Un nuovo modo di dire schiavitù

L’economia globale ci porta a nuove, profonde, mancanze di libertà 

di Pietro A. Cavaleri
psicologo

 

In questi ultimi anni si è spesso parlato di “società senza padri”, alludendo non solo alla crisi della figura paterna nel sistema familiare attuale, ma più in generale alla crisi di ogni forma di autorità.

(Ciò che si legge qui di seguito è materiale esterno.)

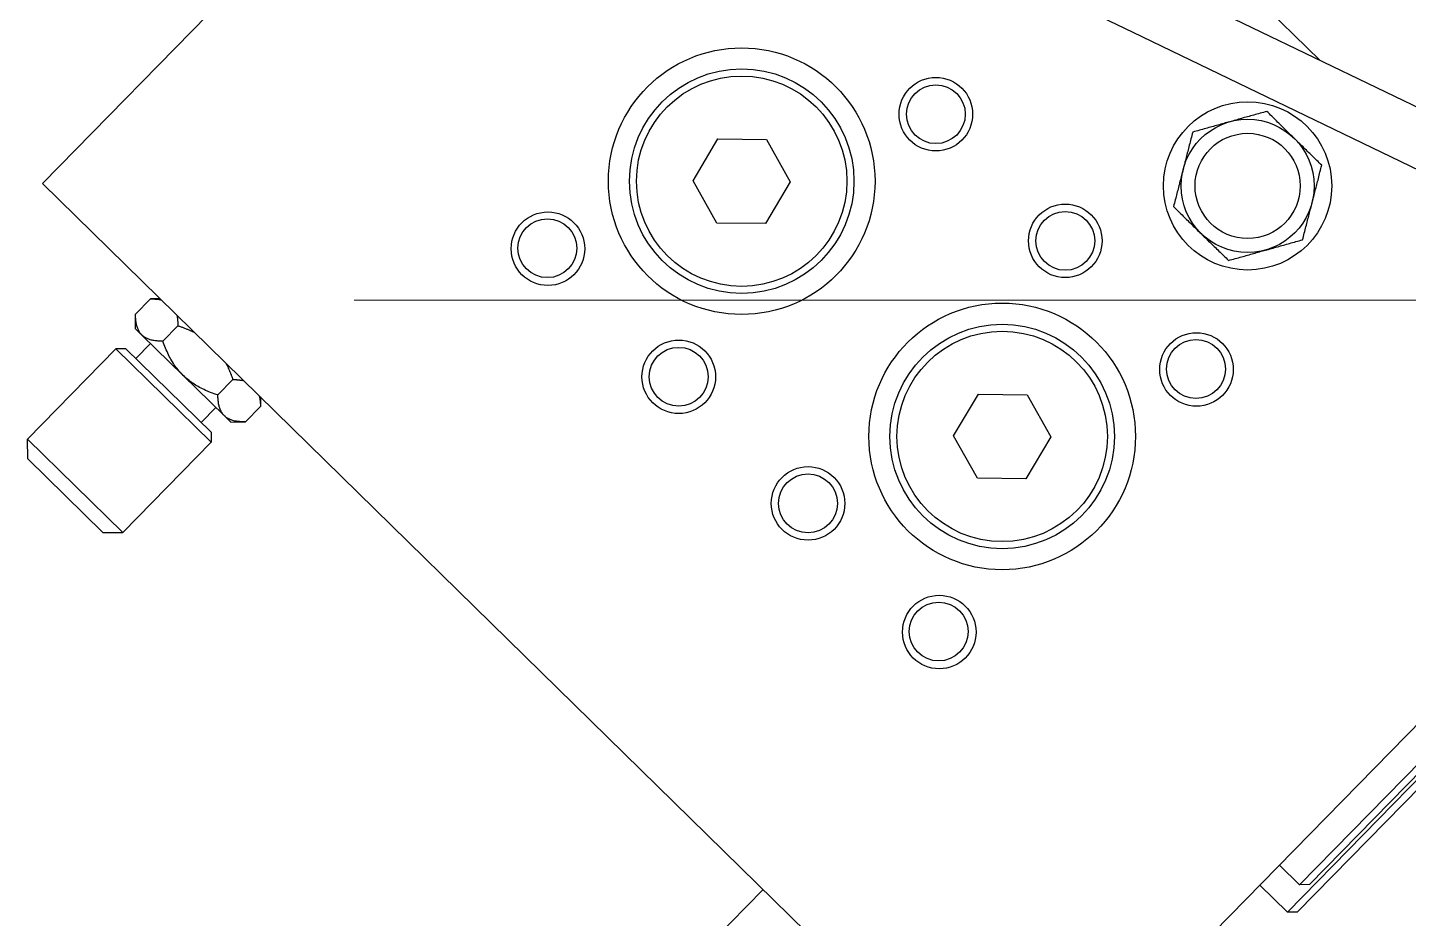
# Model space of a CAD drawing. Extents: x 475189 to 476029, y 1007718 to 1008015.
# Drawn here: x 475667.771 to 475668.827, y 1007759.039 to 1007759.72 of the extents above; entities that cross this region are included whole.
import ezdxf
from ezdxf.enums import TextEntityAlignment as Align

# ---------------------------------------------------------------- set-up
doc = ezdxf.new("R2010")
doc.units = 0
doc.header["$LTSCALE"] = 2
doc.header["$MEASUREMENT"] = 0
doc.layers.get('0').update_dxf_attribs({"linetype": 'CONTINUOUS', "lineweight": 0})
doc.layers.add('R.B', color=6, linetype='CONTINUOUS', lineweight=0)
doc.layers.add('TEXT', color=1, linetype='CONTINUOUS', lineweight=0)
doc.styles.add('ROMANS', font='ROMANS.SHX')
doc.styles.add('XT03_5', font='romans', dxfattribs={"width": 0.6, "height": 87.5})

# ---------------------------------------------------------------- blocks, each defined once
blk = doc.blocks.new('EXISTING')
at = {"color": 8, "linetype": 'Continuous', "lineweight": -3}
for p, q in [((475667.7826, 1007759.6012), (475668.3078, 1007760.1373)), ((475668.3078, 1007760.1373), (475668.7589, 1007759.6954)), ((475668.4953, 1007759.775), (475668.616, 1007759.7167)), ((475668.6347, 1007759.7554), (475669.0581, 1007759.5509)), ((475668.616, 1007759.7167), (475669.0394, 1007759.5123)), ((475668.2799, 1007759.6033), (475668.2989, 1007759.6352)), ((475668.2989, 1007759.6352), (475668.336, 1007759.6348)), ((475668.336, 1007759.6348), (475668.3542, 1007759.6024)), ((475668.5255, 1007758.8733), (475667.7826, 1007759.6012)), ((475668.2982, 1007759.5709), (475668.2799, 1007759.6033)), ((475668.3542, 1007759.6024), (475668.3353, 1007759.5705)), ((475668.3353, 1007759.5705), (475668.2982, 1007759.5709)), ((475667.8537, 1007759.5012), (475667.8652, 1007759.5129)), ((475667.8726, 1007759.513), (475667.8652, 1007759.5129)), ((475667.8538, 1007759.4901), (475667.8537, 1007759.5012)), ((475667.8587, 1007759.4853), (475667.8538, 1007759.4901)), ((475667.8902, 1007759.4544), (475667.8587, 1007759.4853)), ((475667.8747, 1007759.4806), (475667.8862, 1007759.4923)), ((475667.8388, 1007759.4747), (475667.7713, 1007759.4058)), ((475667.8464, 1007759.4748), (475667.8388, 1007759.4747)), ((475667.9116, 1007759.4035), (475667.8388, 1007759.4747)), ((475667.8464, 1007759.4748), (475667.9115, 1007759.411)), ((475667.8653, 1007759.4788), (475667.8541, 1007759.4673)), ((475667.9217, 1007759.4236), (475667.8902, 1007759.4544)), ((475667.9167, 1007759.4395), (475667.9282, 1007759.4512)), ((475667.9151, 1007759.43), (475667.9039, 1007759.4185)), ((475667.9378, 1007759.4189), (475667.9492, 1007759.4306)), ((475667.9492, 1007759.438), (475667.9492, 1007759.4306)), ((475668.4791, 1007759.4082), (475668.498, 1007759.4402)), ((475668.498, 1007759.4402), (475668.5352, 1007759.4397)), ((475668.5352, 1007759.4397), (475668.5534, 1007759.4074)), ((475667.9266, 1007759.4188), (475667.9217, 1007759.4236)), ((475667.9115, 1007759.411), (475667.9116, 1007759.4035)), ((475667.9266, 1007759.4188), (475667.9378, 1007759.4189)), ((475669.0507, 1007759.4095), (475668.5255, 1007758.8733)), ((475667.7715, 1007759.3906), (475667.7713, 1007759.4058)), ((475667.7713, 1007759.4058), (475667.8441, 1007759.3345)), ((475667.9116, 1007759.4035), (475667.8441, 1007759.3345)), ((475668.4973, 1007759.3758), (475668.4791, 1007759.4082)), ((475668.5534, 1007759.4074), (475668.5344, 1007759.3754)), ((475667.8289, 1007759.3344), (475667.7715, 1007759.3906)), ((475668.5344, 1007759.3754), (475668.4973, 1007759.3758)), ((475667.8289, 1007759.3344), (475667.8441, 1007759.3345)), ((475668.7342, 1007759.0442), (475668.8842, 1007759.1974)), ((475668.8843, 1007759.1898), (475668.7417, 1007759.0443)), ((475668.7434, 1007759.0651), (475668.8635, 1007759.1877)), ((475668.8635, 1007759.1801), (475668.751, 1007759.0652)), ((475668.7281, 1007759.0801), (475668.7434, 1007759.0651)), ((475668.2961, 1007759.0234), (475668.3334, 1007759.0615)), ((475668.7131, 1007759.0648), (475668.7342, 1007759.0442)), ((475668.751, 1007759.0652), (475668.7434, 1007759.0651)), ((475668.7417, 1007759.0443), (475668.7342, 1007759.0442))]:
    blk.add_line(p, q, dxfattribs=at)
at = {"color": 8}
blk.add_line((475674.1512, 1007759.512), (475668.0208, 1007759.512), dxfattribs=at)
at = {"color": 8, "linetype": 'Continuous', "lineweight": -3}
for points in [[(475668.7184, 1007759.6562), (475668.7171, 1007759.6558), (475668.7159, 1007759.6555), (475668.7146, 1007759.6551), (475668.7133, 1007759.6548), (475668.7121, 1007759.6544), (475668.7109, 1007759.6541), (475668.7097, 1007759.6538), (475668.7085, 1007759.6534), (475668.7073, 1007759.6531), (475668.7061, 1007759.6528), (475668.7049, 1007759.6524), (475668.7038, 1007759.6521), (475668.7026, 1007759.6518), (475668.7015, 1007759.6515), (475668.7003, 1007759.6512), (475668.6992, 1007759.6508), (475668.698, 1007759.6505), (475668.6969, 1007759.6502), (475668.6958, 1007759.6499), (475668.6947, 1007759.6496), (475668.6935, 1007759.6493), (475668.6924, 1007759.6489), (475668.6913, 1007759.6486), (475668.6901, 1007759.6483)], [(475668.7395, 1007759.6356), (475668.7386, 1007759.6365), (475668.7378, 1007759.6373), (475668.7369, 1007759.6381), (475668.7361, 1007759.6389), (475668.7353, 1007759.6397), (475668.7344, 1007759.6406), (475668.7336, 1007759.6414), (475668.7327, 1007759.6422), (475668.7319, 1007759.643), (475668.731, 1007759.6439), (475668.7302, 1007759.6447), (475668.7293, 1007759.6456), (475668.7285, 1007759.6464), (475668.7276, 1007759.6472), (475668.7267, 1007759.6481), (475668.7258, 1007759.649), (475668.725, 1007759.6498), (475668.7241, 1007759.6507), (475668.7232, 1007759.6516), (475668.7222, 1007759.6525), (475668.7213, 1007759.6534), (475668.7204, 1007759.6543), (475668.7194, 1007759.6553), (475668.7184, 1007759.6562)], [(475668.6901, 1007759.6483), (475668.689, 1007759.648), (475668.6879, 1007759.6477), (475668.6867, 1007759.6474), (475668.6856, 1007759.647), (475668.6845, 1007759.6467), (475668.6833, 1007759.6464), (475668.6822, 1007759.6461), (475668.6811, 1007759.6458), (475668.6799, 1007759.6455), (475668.6788, 1007759.6451), (475668.6776, 1007759.6448), (475668.6765, 1007759.6445), (475668.6753, 1007759.6442), (475668.6741, 1007759.6439), (475668.673, 1007759.6435), (475668.6718, 1007759.6432), (475668.6706, 1007759.6429), (475668.6694, 1007759.6425), (475668.6681, 1007759.6422), (475668.6669, 1007759.6418), (475668.6657, 1007759.6415), (475668.6644, 1007759.6411), (475668.6631, 1007759.6408), (475668.6618, 1007759.6404)], [(475668.6618, 1007759.6404), (475668.6615, 1007759.6391), (475668.6611, 1007759.6378), (475668.6608, 1007759.6365), (475668.6605, 1007759.6353), (475668.6602, 1007759.634), (475668.6598, 1007759.6328), (475668.6595, 1007759.6316), (475668.6592, 1007759.6304), (475668.6589, 1007759.6292), (475668.6586, 1007759.628), (475668.6583, 1007759.6268), (475668.658, 1007759.6257), (475668.6577, 1007759.6245), (475668.6574, 1007759.6233), (475668.6571, 1007759.6222), (475668.6568, 1007759.621), (475668.6565, 1007759.6199), (475668.6562, 1007759.6188), (475668.6559, 1007759.6176), (475668.6557, 1007759.6165), (475668.6554, 1007759.6153), (475668.6551, 1007759.6142), (475668.6548, 1007759.6131), (475668.6545, 1007759.6119)], [(475668.7605, 1007759.6151), (475668.7595, 1007759.616), (475668.7585, 1007759.6169), (475668.7576, 1007759.6179), (475668.7567, 1007759.6188), (475668.7557, 1007759.6197), (475668.7548, 1007759.6206), (475668.7539, 1007759.6214), (475668.7531, 1007759.6223), (475668.7522, 1007759.6232), (475668.7513, 1007759.624), (475668.7504, 1007759.6249), (475668.7496, 1007759.6257), (475668.7487, 1007759.6266), (475668.7479, 1007759.6274), (475668.747, 1007759.6282), (475668.7462, 1007759.6291), (475668.7453, 1007759.6299), (475668.7445, 1007759.6307), (475668.7436, 1007759.6315), (475668.7428, 1007759.6323), (475668.742, 1007759.6332), (475668.7411, 1007759.634), (475668.7403, 1007759.6348), (475668.7395, 1007759.6356)], [(475668.6545, 1007759.6119), (475668.6542, 1007759.6108), (475668.6539, 1007759.6096), (475668.6536, 1007759.6085), (475668.6533, 1007759.6074), (475668.653, 1007759.6062), (475668.6527, 1007759.6051), (475668.6524, 1007759.604), (475668.6521, 1007759.6028), (475668.6518, 1007759.6017), (475668.6516, 1007759.6005), (475668.6513, 1007759.5994), (475668.651, 1007759.5982), (475668.6507, 1007759.597), (475668.6504, 1007759.5959), (475668.65, 1007759.5947), (475668.6497, 1007759.5935), (475668.6494, 1007759.5923), (475668.6491, 1007759.5911), (475668.6488, 1007759.5898), (475668.6485, 1007759.5886), (475668.6482, 1007759.5873), (475668.6478, 1007759.5861), (475668.6475, 1007759.5848), (475668.6472, 1007759.5835)], [(475668.7531, 1007759.5866), (475668.7534, 1007759.5877), (475668.7537, 1007759.5889), (475668.754, 1007759.59), (475668.7543, 1007759.5911), (475668.7546, 1007759.5923), (475668.7549, 1007759.5934), (475668.7552, 1007759.5945), (475668.7555, 1007759.5957), (475668.7558, 1007759.5968), (475668.7561, 1007759.598), (475668.7564, 1007759.5991), (475668.7567, 1007759.6003), (475668.757, 1007759.6015), (475668.7573, 1007759.6026), (475668.7576, 1007759.6038), (475668.7579, 1007759.605), (475668.7582, 1007759.6062), (475668.7585, 1007759.6074), (475668.7588, 1007759.6087), (475668.7591, 1007759.6099), (475668.7595, 1007759.6112), (475668.7598, 1007759.6125), (475668.7601, 1007759.6137), (475668.7605, 1007759.6151)], [(475668.6472, 1007759.5835), (475668.6481, 1007759.5825), (475668.6491, 1007759.5816), (475668.65, 1007759.5807), (475668.651, 1007759.5797), (475668.6519, 1007759.5788), (475668.6528, 1007759.578), (475668.6537, 1007759.5771), (475668.6546, 1007759.5762), (475668.6554, 1007759.5753), (475668.6563, 1007759.5745), (475668.6572, 1007759.5736), (475668.658, 1007759.5728), (475668.6589, 1007759.5719), (475668.6598, 1007759.5711), (475668.6606, 1007759.5703), (475668.6614, 1007759.5695), (475668.6623, 1007759.5686), (475668.6631, 1007759.5678), (475668.664, 1007759.567), (475668.6648, 1007759.5662), (475668.6656, 1007759.5653), (475668.6665, 1007759.5645), (475668.6673, 1007759.5637), (475668.6682, 1007759.5629)], [(475668.7458, 1007759.5581), (475668.7462, 1007759.5594), (475668.7465, 1007759.5607), (475668.7468, 1007759.562), (475668.7471, 1007759.5632), (475668.7475, 1007759.5645), (475668.7478, 1007759.5657), (475668.7481, 1007759.5669), (475668.7484, 1007759.5681), (475668.7487, 1007759.5693), (475668.749, 1007759.5705), (475668.7493, 1007759.5717), (475668.7496, 1007759.5729), (475668.7499, 1007759.574), (475668.7502, 1007759.5752), (475668.7505, 1007759.5763), (475668.7508, 1007759.5775), (475668.7511, 1007759.5786), (475668.7514, 1007759.5798), (475668.7517, 1007759.5809), (475668.752, 1007759.582), (475668.7523, 1007759.5832), (475668.7526, 1007759.5843), (475668.7528, 1007759.5854), (475668.7531, 1007759.5866)], [(475668.6682, 1007759.5629), (475668.669, 1007759.562), (475668.6699, 1007759.5612), (475668.6707, 1007759.5604), (475668.6715, 1007759.5596), (475668.6724, 1007759.5588), (475668.6732, 1007759.5579), (475668.674, 1007759.5571), (475668.6749, 1007759.5563), (475668.6757, 1007759.5555), (475668.6766, 1007759.5546), (475668.6774, 1007759.5538), (475668.6783, 1007759.553), (475668.6792, 1007759.5521), (475668.68, 1007759.5513), (475668.6809, 1007759.5504), (475668.6818, 1007759.5495), (475668.6827, 1007759.5487), (475668.6836, 1007759.5478), (475668.6845, 1007759.5469), (475668.6854, 1007759.546), (475668.6863, 1007759.5451), (475668.6873, 1007759.5442), (475668.6882, 1007759.5432), (475668.6892, 1007759.5423)], [(475668.7175, 1007759.5502), (475668.7186, 1007759.5505), (475668.7198, 1007759.5508), (475668.7209, 1007759.5511), (475668.722, 1007759.5515), (475668.7232, 1007759.5518), (475668.7243, 1007759.5521), (475668.7254, 1007759.5524), (475668.7266, 1007759.5527), (475668.7277, 1007759.553), (475668.7288, 1007759.5534), (475668.73, 1007759.5537), (475668.7311, 1007759.554), (475668.7323, 1007759.5543), (475668.7335, 1007759.5547), (475668.7347, 1007759.555), (475668.7358, 1007759.5553), (475668.737, 1007759.5557), (475668.7382, 1007759.556), (475668.7395, 1007759.5563), (475668.7407, 1007759.5567), (475668.742, 1007759.557), (475668.7432, 1007759.5574), (475668.7445, 1007759.5577), (475668.7458, 1007759.5581)], [(475668.6892, 1007759.5423), (475668.6905, 1007759.5427), (475668.6918, 1007759.543), (475668.693, 1007759.5434), (475668.6943, 1007759.5437), (475668.6955, 1007759.5441), (475668.6967, 1007759.5444), (475668.698, 1007759.5447), (475668.6992, 1007759.5451), (475668.7003, 1007759.5454), (475668.7015, 1007759.5457), (475668.7027, 1007759.5461), (475668.7038, 1007759.5464), (475668.705, 1007759.5467), (475668.7062, 1007759.547), (475668.7073, 1007759.5474), (475668.7084, 1007759.5477), (475668.7096, 1007759.548), (475668.7107, 1007759.5483), (475668.7118, 1007759.5486), (475668.713, 1007759.5489), (475668.7141, 1007759.5493), (475668.7152, 1007759.5496), (475668.7164, 1007759.5499), (475668.7175, 1007759.5502)], [(475667.8652, 1007759.5129), (475667.8656, 1007759.5129), (475667.866, 1007759.5129), (475667.8664, 1007759.5129), (475667.8668, 1007759.5129), (475667.8671, 1007759.5129), (475667.8675, 1007759.5129), (475667.8679, 1007759.5129), (475667.8682, 1007759.5129), (475667.8686, 1007759.5128), (475667.8689, 1007759.5128), (475667.8693, 1007759.5128), (475667.8696, 1007759.5128), (475667.87, 1007759.5127), (475667.8703, 1007759.5127), (475667.8706, 1007759.5127), (475667.8709, 1007759.5126), (475667.8713, 1007759.5126), (475667.8716, 1007759.5125), (475667.8719, 1007759.5125), (475667.8722, 1007759.5124), (475667.8725, 1007759.5124), (475667.8728, 1007759.5123), (475667.8731, 1007759.5123), (475667.8734, 1007759.5122)], [(475667.8587, 1007759.4853), (475667.8583, 1007759.4857), (475667.8579, 1007759.4861), (475667.8575, 1007759.4866), (475667.8572, 1007759.4871), (475667.8569, 1007759.4876), (475667.8565, 1007759.4881), (475667.8562, 1007759.4886), (475667.856, 1007759.4892), (475667.8557, 1007759.4898), (475667.8555, 1007759.4904), (475667.8552, 1007759.491), (475667.855, 1007759.4916), (475667.8548, 1007759.4923), (475667.8546, 1007759.493), (475667.8545, 1007759.4937), (475667.8543, 1007759.4944), (475667.8542, 1007759.4952), (475667.8541, 1007759.4959), (475667.854, 1007759.4968), (475667.8539, 1007759.4976), (475667.8538, 1007759.4984), (475667.8538, 1007759.4993), (475667.8538, 1007759.5003), (475667.8537, 1007759.5012)], [(475667.8853, 1007759.5005), (475667.8854, 1007759.5002), (475667.8855, 1007759.4999), (475667.8855, 1007759.4996), (475667.8856, 1007759.4993), (475667.8857, 1007759.499), (475667.8857, 1007759.4987), (475667.8858, 1007759.4984), (475667.8858, 1007759.4981), (475667.8859, 1007759.4977), (475667.8859, 1007759.4974), (475667.8859, 1007759.4971), (475667.886, 1007759.4967), (475667.886, 1007759.4964), (475667.886, 1007759.4961), (475667.8861, 1007759.4957), (475667.8861, 1007759.4954), (475667.8861, 1007759.495), (475667.8861, 1007759.4946), (475667.8862, 1007759.4943), (475667.8862, 1007759.4939), (475667.8862, 1007759.4935), (475667.8862, 1007759.4931), (475667.8862, 1007759.4927), (475667.8862, 1007759.4923)], [(475667.8747, 1007759.4806), (475667.8738, 1007759.4806), (475667.8729, 1007759.4806), (475667.872, 1007759.4807), (475667.8711, 1007759.4807), (475667.8703, 1007759.4808), (475667.8695, 1007759.4809), (475667.8687, 1007759.481), (475667.8679, 1007759.4811), (475667.8672, 1007759.4812), (475667.8665, 1007759.4814), (475667.8658, 1007759.4815), (475667.8651, 1007759.4817), (475667.8645, 1007759.4819), (475667.8639, 1007759.4821), (475667.8633, 1007759.4824), (475667.8627, 1007759.4826), (475667.8621, 1007759.4829), (475667.8616, 1007759.4832), (475667.8611, 1007759.4835), (475667.8606, 1007759.4838), (475667.8601, 1007759.4841), (475667.8596, 1007759.4845), (475667.8592, 1007759.4849), (475667.8587, 1007759.4853)], [(475667.8862, 1007759.4923), (475667.8868, 1007759.4922), (475667.8874, 1007759.492), (475667.888, 1007759.4918), (475667.8886, 1007759.4916), (475667.8891, 1007759.4914), (475667.8897, 1007759.4912), (475667.8902, 1007759.491), (475667.8908, 1007759.4908), (475667.8913, 1007759.4905), (475667.8919, 1007759.4903), (475667.8924, 1007759.4901), (475667.8929, 1007759.4899), (475667.8935, 1007759.4897), (475667.894, 1007759.4895), (475667.8945, 1007759.4893), (475667.895, 1007759.489), (475667.8955, 1007759.4888), (475667.896, 1007759.4886), (475667.8965, 1007759.4884), (475667.897, 1007759.4881), (475667.8975, 1007759.4879), (475667.898, 1007759.4877), (475667.8984, 1007759.4874), (475667.8989, 1007759.4872)], [(475667.8902, 1007759.4544), (475667.8894, 1007759.4553), (475667.8886, 1007759.4561), (475667.8878, 1007759.457), (475667.887, 1007759.4579), (475667.8863, 1007759.4588), (475667.8855, 1007759.4597), (475667.8848, 1007759.4606), (475667.8841, 1007759.4616), (475667.8834, 1007759.4626), (475667.8828, 1007759.4636), (475667.8821, 1007759.4647), (475667.8815, 1007759.4657), (475667.8808, 1007759.4668), (475667.8802, 1007759.4679), (475667.8796, 1007759.469), (475667.879, 1007759.4702), (475667.8785, 1007759.4714), (475667.8779, 1007759.4726), (475667.8773, 1007759.4739), (475667.8768, 1007759.4752), (475667.8763, 1007759.4765), (475667.8758, 1007759.4778), (475667.8752, 1007759.4792), (475667.8747, 1007759.4806)], [(475667.9228, 1007759.4638), (475667.9231, 1007759.4633), (475667.9233, 1007759.4628), (475667.9236, 1007759.4624), (475667.9238, 1007759.4619), (475667.924, 1007759.4614), (475667.9243, 1007759.4609), (475667.9245, 1007759.4604), (475667.9247, 1007759.4599), (475667.925, 1007759.4594), (475667.9252, 1007759.4589), (475667.9254, 1007759.4584), (475667.9257, 1007759.4579), (475667.9259, 1007759.4573), (475667.9261, 1007759.4568), (475667.9263, 1007759.4563), (475667.9265, 1007759.4557), (475667.9268, 1007759.4552), (475667.927, 1007759.4546), (475667.9272, 1007759.4541), (475667.9274, 1007759.4535), (475667.9276, 1007759.4529), (475667.9278, 1007759.4524), (475667.928, 1007759.4518), (475667.9282, 1007759.4512)], [(475667.9167, 1007759.4395), (475667.9153, 1007759.4399), (475667.9139, 1007759.4404), (475667.9126, 1007759.4409), (475667.9112, 1007759.4414), (475667.9099, 1007759.4419), (475667.9087, 1007759.4425), (475667.9074, 1007759.443), (475667.9062, 1007759.4436), (475667.9051, 1007759.4441), (475667.9039, 1007759.4447), (475667.9028, 1007759.4453), (475667.9017, 1007759.4459), (475667.9006, 1007759.4465), (475667.8996, 1007759.4471), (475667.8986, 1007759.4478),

Da tempo l’obbedienza in quanto tale, dentro e fuori la famiglia, non è più considerata una virtù, non è più un valore positivo, ma solo una debolezza, il segno di una sottomissione passiva e acritica a qualcuno. È stato finalmente ucciso il padre e con la sua morte il giogo di ogni autorità è stato scrollato dalle nostre spalle. Adesso possiamo liberamente affrontare ogni tabù morale, possiamo ipotizzare qualsiasi forma di sessualità, di convivenza, di famiglia, di vita privata e pubblica. Le tanto attese “libertà civili”, una dopo l’altra, stanno divenendo ormai patrimonio indiscusso di ogni cittadino, l’espressione acquisita di una “nuova cittadinanza”, che non si piega più alla cieca obbedienza a regole o principi imposti dall’esterno, da una qualche autorità.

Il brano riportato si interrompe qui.